1. Eindtermen ICT
1 De leerlingen hebben een positieve houding tegenover ICT en zijn bereid ICT te
gebruiken om hen te ondersteunen bij het leren.
Voorbeeld: De leerlingen zijn nieuwsgierig en stellen veel vragen.
2 De leerlingen gebruiken ICT op een veilige, verantwoorde en doelmatige manier.
Voorbeeld: De leerlingen gebruiken de login en het wachtwoord van de school om zo hun
oefeningen te maken die de leerkracht vraagt.
3 De leerlingen kunnen zelfstandig oefenen in een door ICT ondersteunde leeromgeving.
Voorbeeld: De leerlingen maken zelfstandig extra oefeningen tijdens de les op de computers
van de school.
4 De leerlingen kunnen zelfstandig leren in een door ICT ondersteunde leeromgeving.
Voorbeeld: De leerlingen maken aan de computers van de klas opdrachten van Bingel om
hun leerstof te leren.
5 De leerlingen kunnen ICT gebruiken om eigen ideeën creatief vorm te geven.
Voorbeeld: De leerlingen kunnen op Bingel hun eigen avatar aankleden.
6 De leerlingen kunnen met behulp van ICT voor hen bestemde digitale informatie
opzoeken, verwerken en bewaren.
Voorbeeld: De leerlingen kunnen op de computers van school opdrachten maken.

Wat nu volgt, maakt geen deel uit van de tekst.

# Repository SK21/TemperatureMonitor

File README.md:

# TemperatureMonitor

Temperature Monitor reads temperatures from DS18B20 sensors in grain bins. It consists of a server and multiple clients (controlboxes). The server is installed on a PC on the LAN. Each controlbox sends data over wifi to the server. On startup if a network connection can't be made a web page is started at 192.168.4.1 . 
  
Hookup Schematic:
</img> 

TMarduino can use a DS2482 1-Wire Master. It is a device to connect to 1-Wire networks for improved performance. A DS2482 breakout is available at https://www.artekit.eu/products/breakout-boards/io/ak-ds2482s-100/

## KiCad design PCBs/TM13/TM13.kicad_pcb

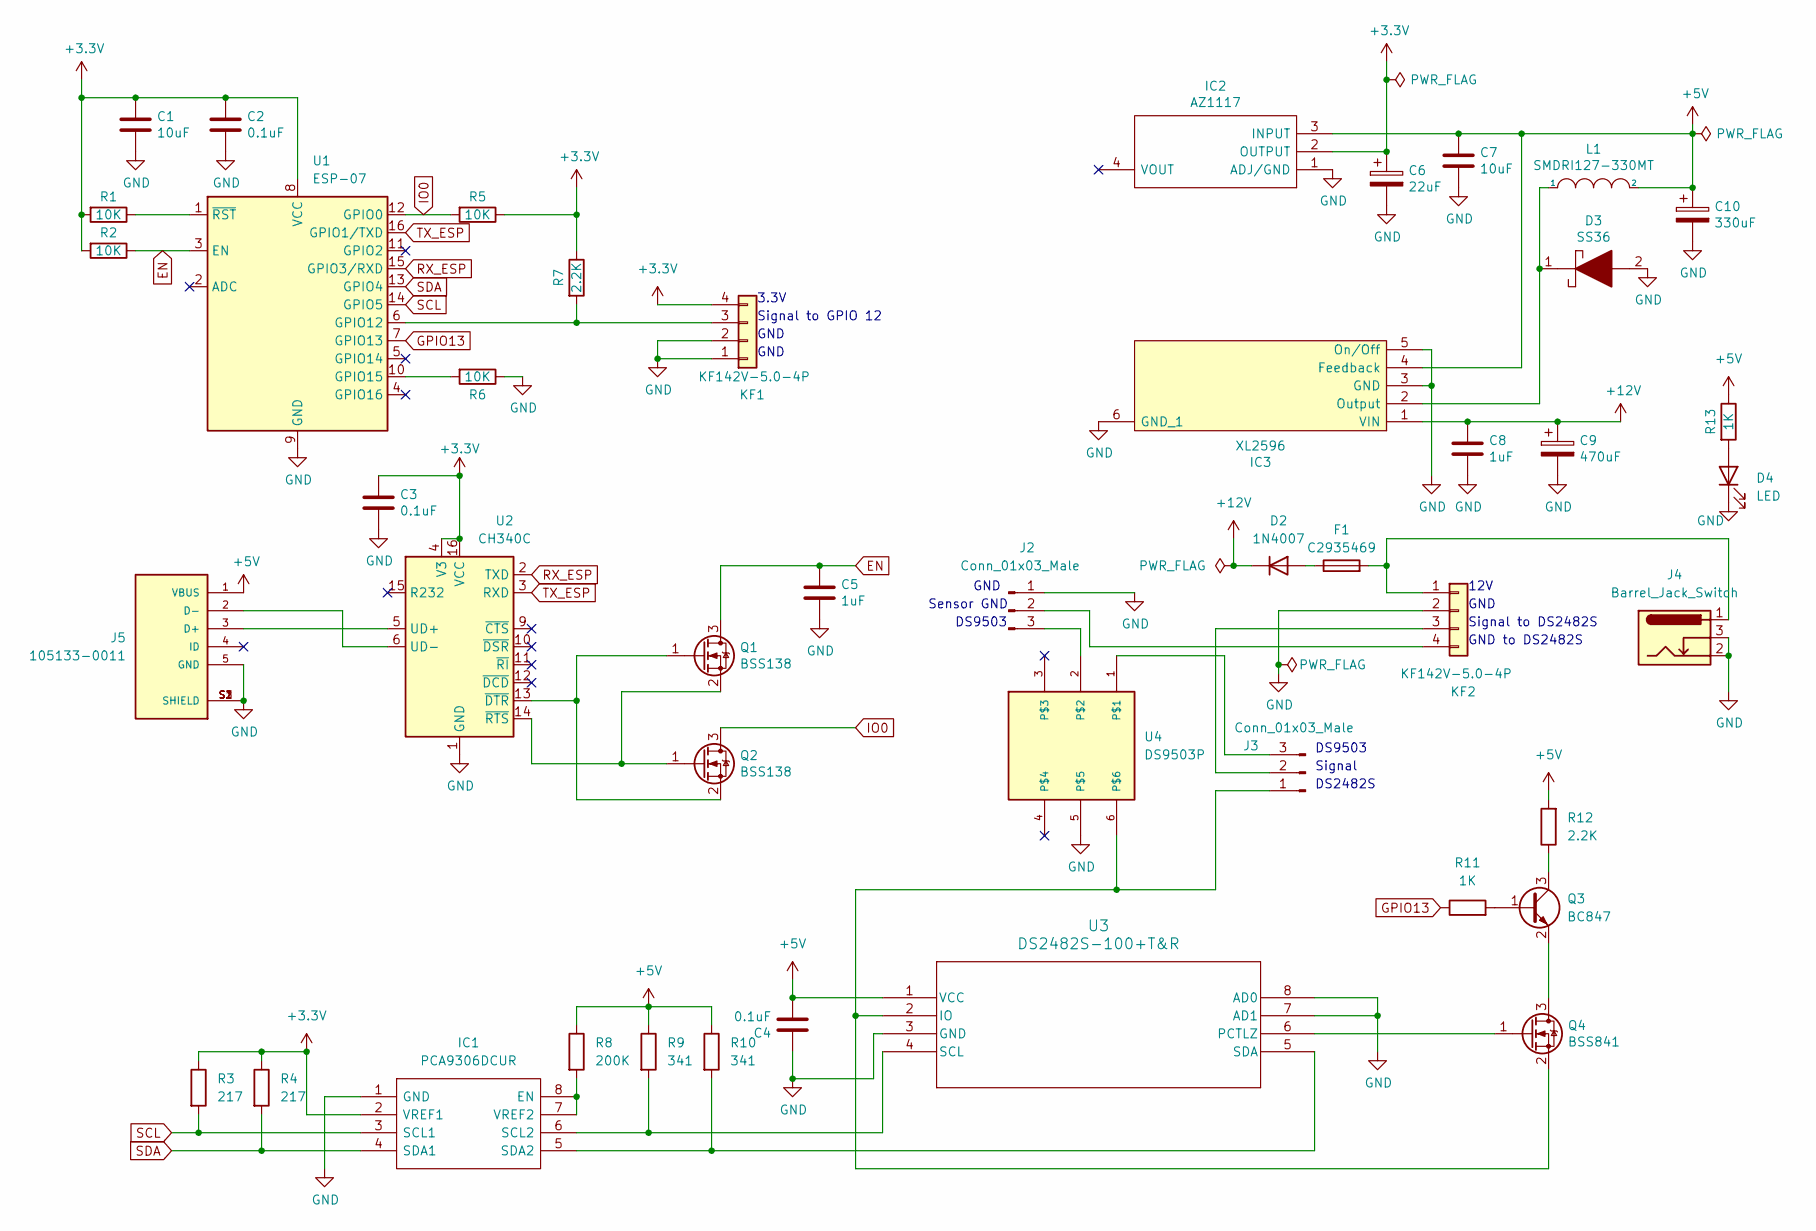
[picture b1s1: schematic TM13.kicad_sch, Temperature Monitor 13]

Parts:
C1, C7: 10uF; C_0805_2012Metric
C2, C3, C4: 0.1uF; C_0805_2012Metric
C5, C8: 1uF; C_0805_2012Metric
C6: 22uF; C_0805_2012Metric
C9: 470uF; CP_Elec_10x10.5
C10: 330uF; CP_Elec_10x10.5
D2: 1N4007; D_SMA
D3: SS36; SMA(DO-214AC)
D4: LED; LED_0805_2012Metric
F1: C2935469; Fuse_Holder_C2935469
IC1: PCA9306DCUR; Mouser Part Number 595-PCA9306DCUR
IC2: AZ1117; SOT230P700X180-4N; Mouser Part Number 621-AZ1117CH-3.3TRG1
IC3: XL2596; TO263-5L
J2, J3: Conn_01x03_Male; PinHeader_1x03_P2.54mm_Vertical
J4: Barrel_Jack_Switch; BarrelJack_Wuerth_6941xx301002
J5: 105133-0011; MOLEX_105133-0011; PARTREV C
KF1, KF2: KF142V-5.0-4P; KF142V-5.08-4P
L1: SMDRI127-330MT; TMPA1265SP-101MN-D
Q1, Q2: BSS138; SOT-23
Q3: BC847; SOT-23
Q4: BSS841; SOT-23
R1, R2, R5, R6: 10K; R_0603_1608Metric
R3, R4: 217; R_0603_1608Metric
R7, R12: 2.2K; R_0603_1608Metric
R8: 200K; R_0603_1608Metric
R9, R10: 341; R_0603_1608Metric
R11, R13: 1K; R_0603_1608Metric
U1: ESP-07; ESP-07S
U2: CH340C; SOIC-16_3.9x9.9mm_P1.27mm
U3: DS2482S-100+T&R; 21-0041B_8_MXM
U4: DS9503P; TSO6C

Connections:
+3.3V: C1.1, C2.1, C3.1, C6.1, IC1.2 (VREF1), IC2.2 (OUTPUT), KF1.4, R1.2, R2.2, R3.1, R4.1, R5.1, R7.1, U1.8 (VCC), U2.4 (V3), U2.16 (VCC)
+5V: C4.2, C7.1, C10.1, IC2.3 (INPUT), IC3.4 (Feedback), J5.1 (VBUS), L1.2, R8.1, R9.1, R10.1, R12.2, R13.1, U3.1 (VCC)
+12V: C8.1, C9.1, D2.1 (K), IC3.1 (VIN)
EN: C5.1, Q1.3 (D), R2.1, U1.3 (EN)
GND: C1.2, C2.2, C3.2, C4.1, C5.2, C6.2, C7.2, C8.2, C9.2, C10.2, D3.2, D4.1 (K), IC1.1 (GND), IC2.1 (ADJ/GND), IC3.3 (GND), IC3.5 (On/Off), IC3.6 (GND_1), J2.1, J4.2, J4.3, J5.5 (GND), J5.S1 (SHIELD), J5.S2 (SHIELD), J5.S3 (SHIELD), KF1.1, KF1.2, KF2.2, R6.1, U1.9 (GND), U2.1 (GND), U3.3 (GND), U3.7 (AD1), U3.8 (AD0), U4.5
GPIO13: R11.1, U1.7 (GPIO13)
IO0: Q2.3 (D), R5.2, U1.12 (GPIO0)
unnamed: D2.2 (A), F1.1
unnamed: D4.2 (A), R13.2
unnamed: IC1.7 (VREF2), IC1.8 (EN), R8.2
unnamed: IC1.6 (SCL2), R9.2, U3.4 (SCL)
unnamed: IC1.5 (SDA2), R10.2, U3.5 (SDA)
unnamed: D3.1, IC3.2 (Output), L1.1
unnamed: J2.2, KF2.4
unnamed: J2.3, U4.2
unnamed: J3.1, Q4.2 (S), U3.2 (IO), U4.6
unnamed: J3.2, KF2.3
unnamed: J3.3, U4.1
unnamed: J5.3 (D+), U2.5 (UD+)
unnamed: J5.2 (D-), U2.6 (UD-)
unnamed: KF1.3, R7.2, U1.6 (GPIO12)
unnamed: F1.2, J4.1, KF2.1
unnamed: Q1.1 (G), Q2.2 (S), U2.13 (~DTR)
unnamed: Q1.2 (S), Q2.1 (G), U2.14 (~RTS)
unnamed: Q3.1 (B), R11.2
unnamed: Q3.3 (C), R12.1
unnamed: Q3.2 (E), Q4.3 (D)
unnamed: Q4.1 (G), U3.6 (PCTLZ)
unnamed: R6.2, U1.10 (GPIO15)
unnamed: R1.1, U1.1 (~RST)
RX_ESP: U1.15 (GPIO3/RXD), U2.2 (TXD)
SCL: IC1.3 (SCL1), R3.2, U1.14 (GPIO5)
SDA: IC1.4 (SDA1), R4.2, U1.13 (GPIO4)
TX_ESP: U1.16 (GPIO1/TXD), U2.3 (RXD)

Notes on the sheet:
Signal to DS2482S
Sensor GND
GND
DS9503
DS2482S
Signal
12V
GND to DS2482S
Signal to GPIO 12
3.3V

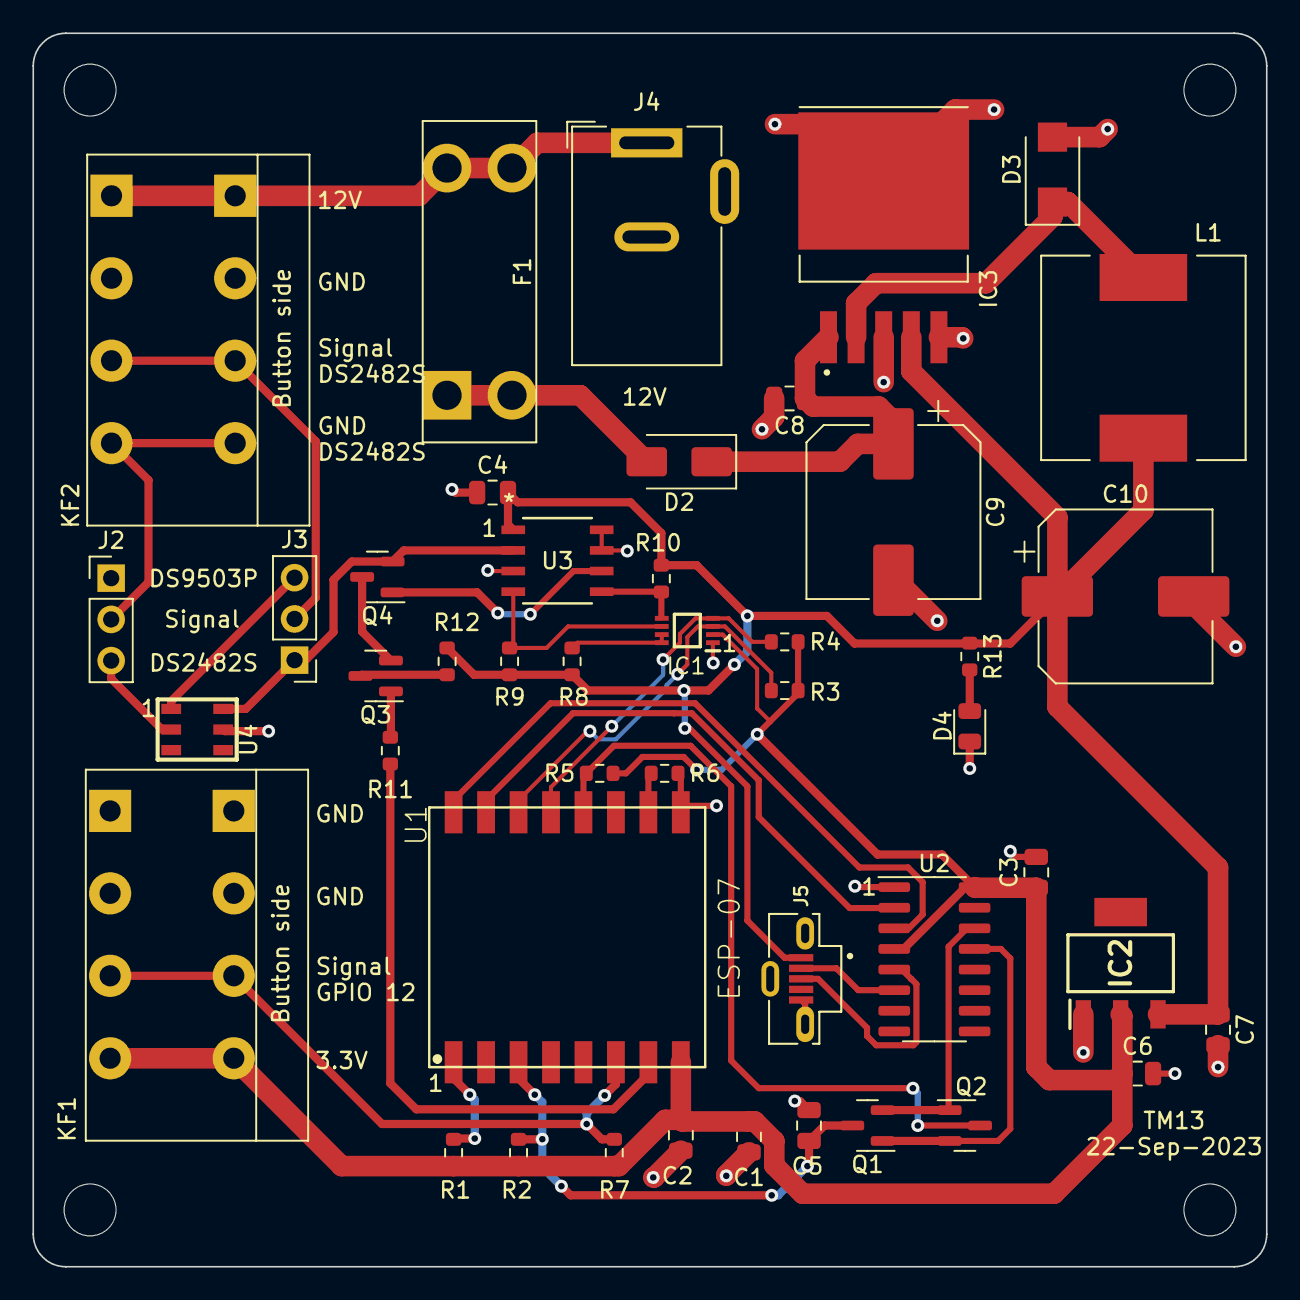
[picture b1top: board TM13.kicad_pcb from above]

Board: 2 copper layers, 76.0 x 76.0 mm, 45 parts (0 on the bottom side), 34 nets.

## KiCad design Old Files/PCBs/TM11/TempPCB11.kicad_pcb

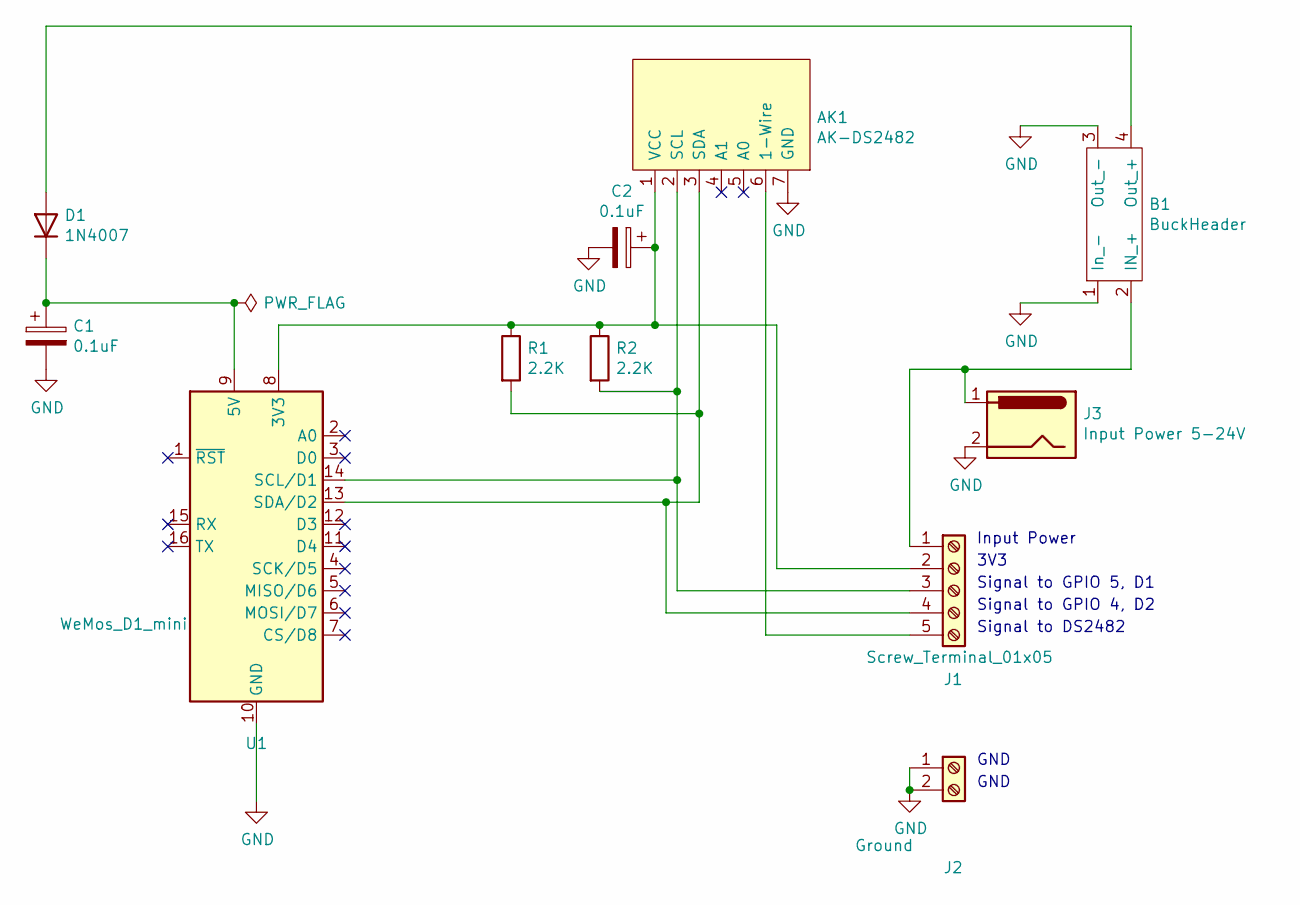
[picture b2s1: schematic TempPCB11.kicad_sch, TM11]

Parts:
AK1: AK-DS2482
B1: BuckHeader; LM2596_Buck_Header
C1, C2: 0.1uF; C_Disc_D5.0mm_W2.5mm_P2.50mm
D1: 1N4007; D_DO-41_SOD81_P10.16mm_Horizontal
J1: Screw_Terminal_01x05; TerminalBlock_Phoenix_PT-1,5-5-5.0-H_1x05_P5.00mm_Horizontal
J2: Ground; TerminalBlock_Phoenix_PT-1,5-2-5.0-H_1x02_P5.00mm_Horizontal
J3: Input Power 5-24V; Uxcell_DC_power_jack
R1, R2: 2.2K; R_Axial_DIN0207_L6.3mm_D2.5mm_P10.16mm_Horizontal
U1: WeMos_D1_mini; WEMOS_D1_mini_light

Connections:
GND: AK1.7 (GND), B1.1 (In_-), B1.3 (Out_-), C1.2, C2.2, J2.1, J2.2, J3.2, U1.10 (GND)
unnamed: AK1.1 (VCC), C2.1, J1.2, R1.1, R2.1, U1.8 (3V3)
unnamed: AK1.2 (SCL), J1.3, R2.2, U1.14 (SCL/D1)
unnamed: AK1.3 (SDA), J1.4, R1.2, U1.13 (SDA/D2)
unnamed: AK1.6 (1-Wire), J1.5
unnamed: B1.2 (IN_+), J1.1, J3.1
unnamed: B1.4 (Out_+), D1.2 (A)
unnamed: C1.1, D1.1 (K), U1.9 (5V)

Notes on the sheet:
3V3
Signal to GPIO 5, D1
Signal to GPIO 4, D2
Signal to DS2482
GND
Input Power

7 De leerlingen kunnen ICT gebruiken bij het voorstellen van informatie aan anderen.
Voorbeeld: De leerlingen gebruiken een PowerPoint om hun boekbespreking voor te stellen.
8 De leerlingen kunnen ICT gebruiken om op een veilige, verantwoorde en doelmatige
manier te communiceren
Voorbeeld: De leerlingen maken samen met de leerkracht een mailadres, dit kunnen ze
gebruiken als ze verder willen communiceren.